The politics of all this may not sound terribly subtle, and Davies is indeed what we used to call “right-on”. None of his characters, though, is remotely one-dimensional. Daniel’s husband, Ralph, is a budding conspiracy theorist, enamoured with the anti-intellectualism of Jenkyns, sorry Hopkins, sorry Rook. Rosie has a keen occasional sex life and is completely irrelevantly in a wheelchair most of the time, for reasons the narrative deals with so lightly that I didn’t spot mention of them at all. Quietly, it’s revolutionary.
The satire here clodhops sometimes, but forgivably and probably deliberately too, with a tongue firmly in a cheek, which itself is cheek-by-jowl with big drama and big messages. Davies, as you probably know, once brought us Queer As Folk, then brought back Doctor Who, then gave us the Banana/Cucumber mix, then did last year’s A Very English Scandal. In a way, all of his work has been statementy state-of-the-nation stuff, even Doctor Who, but it has never been as broad, polished and ambitious as this. I suppose it might all go to pot in future episodes, but if it doesn’t? Maybe something to look forward to in five, ten or even fifteen years’ time will be whatever he’s making then.
The Virtues, on Channel 4, is also quite state-of-the-nation, but in a wholly different way. After seeing Stephen Graham so wasted in Line of Duty, it’s quite something to watch him completely dominate this, in a reminder of everything he can do and how well he does it. Made by Shane Meadows, best known for the various This is England dramas, it’s the four-part story of a man who struggles with alcoholism and heartbreak when his former partner moves with their son and her new man to Australia. Which sounds pretty bleak on the page, I’ll grant you, but Meadows is brilliant at marrying bleakness with something bigger, extracting a sort of brittle and breathtaking human dignity from situations you expect to have almost none.

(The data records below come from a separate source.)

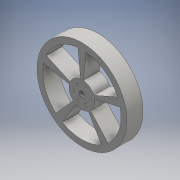
# Autodesk Inventor part: Rueda
Saved by Autodesk Inventor 2016 (Build 200138000, 138)
## iProperties
Created: 2019-03-15
Part Number: Rueda
Material: Genérico
Document SubType Name: Modeling
Designer: FIMCP
Density: 1 g/cm^3
Appearance: Valor por defecto
Author: FIMCP
Autodesk Inventor part; units mm, degrees
ref_plane "YZ Plane" through (0, 0, 0) normal (1, 0, 0) x (0, 1, 0)
ref_plane "XZ Plane" through (0, 0, 0) normal (0, 1, 0) x (-1, 0, 0)
ref_plane "XY Plane" through (0, 0, 0) normal (0, 0, 1) x (1, 0, 0)
sketch "Boceto2" plane through (0, 0, 0) normal (0, 1, 0) x (-1, 0, 0)
  circle A0 centre (0, 0) radius 22.5
  dimension "d8" = 45
  constraints: 1 centre point, 1 coincident
  measures "d8" diameter of A0
extrude "Extrusión1" add sketch "Boceto2" along normal blind 8
sketch "Boceto4" plane through (0, 0, 0) normal (0, 1, 0) x (-1, 0, 0)
  arc A0 (1.118, -1) -> (-1.118, -1) centre (0, 0) ccw
  line L0 (-3.3447, -2.294) -> (-3.3447, -1)
  line L1 (-1.118, -1) -> (1.118, -1)
  dimension "d24" = 3
  dimension "d25" = 1
  constraints: 4 end point, 2 point on circle, 1 centre point, 1 coincident
  measures "d24" diameter of A0
  measures "d25" distance from line of point (0, 0) L1
extrude "Extrusión3" cut sketch "Boceto4" along normal blind 8
sketch "Boceto5" plane through (0, 0, 0) normal (0, 1, 0) x (-1, 0, 0)
  circle A0 centre (-4, 0) radius 0.5
  point P0 (0, 0)
  dimension "d28" = 1
  dimension "d29" = 4
  constraints: 1 centre point
  measures "d28" diameter of A0
  measures "d29" distance of point (0, 0) A0.centre
extrude "Extrusión4" cut sketch "Boceto5" along normal blind 8
pattern_circular "Patrón circular2" count 6 over 360 about axis through (0, -10, 0) along (0, 1, 0) of "Extrusión4"
sketch "Boceto7" plane through (0, 0, 0) normal (0, 1, 0) x (-1, 0, 0)
  arc A0 (-3.25, -5.6292) -> (3.25, -5.6292) centre (0, 0) ccw
  arc A1 (-9.75, -16.8875) -> (9.75, -16.8875) centre (0, 0) ccw
  line L0 (-3.25, -5.6292) -> (-9.75, -16.8875)
  line L1 (0, 0) -> (19.5, 0) construction
  line L2 (3.25, -5.6292) -> (9.75, -16.8875)
  line L3 (0, 0) -> (19.5, 0) construction
  dimension "d37" = 13
  dimension "d38" = 39
  dimension "d39" = 120
  dimension "d40" = 60
  constraints: 8 end point, 4 point on circle, 2 centre point, 2 coincident, 2 horizontal
  measures "d37" diameter of A0
  measures "d38" diameter of A1
  measures "d39" angle of L0 L1
  measures "d40" angle of L2 L3
extrude "Extrusión5" cut sketch "Boceto7" along normal blind 8
pattern_circular "Patrón circular3" count 5 over 360 about axis through (0, -10, 0) along (0, 1, 0) of "Extrusión5"

That said, his intense realism can sometimes be a little too listless to bear, but the drama here is surreptitiously tight too. Graham’s character, Joseph, doesn’t blame his ex for going and tries, and fails, to mask his own despair. At least half of this first episode and maybe more is about the bender he goes on the night before they leave. At first he’s in the pub alone, then he’s befriending everyone, then it all starts to go wrong. Going right back to the very first This is England, Meadows and Graham have a history of scenes like this, where good cheer devolves into mania, and you can feel the succubus fingers of danger and disgrace pulling at their character’s ankles. Nothing quite so dramatic happens here, but you hold your breath watching all the same, knowing how quickly it could.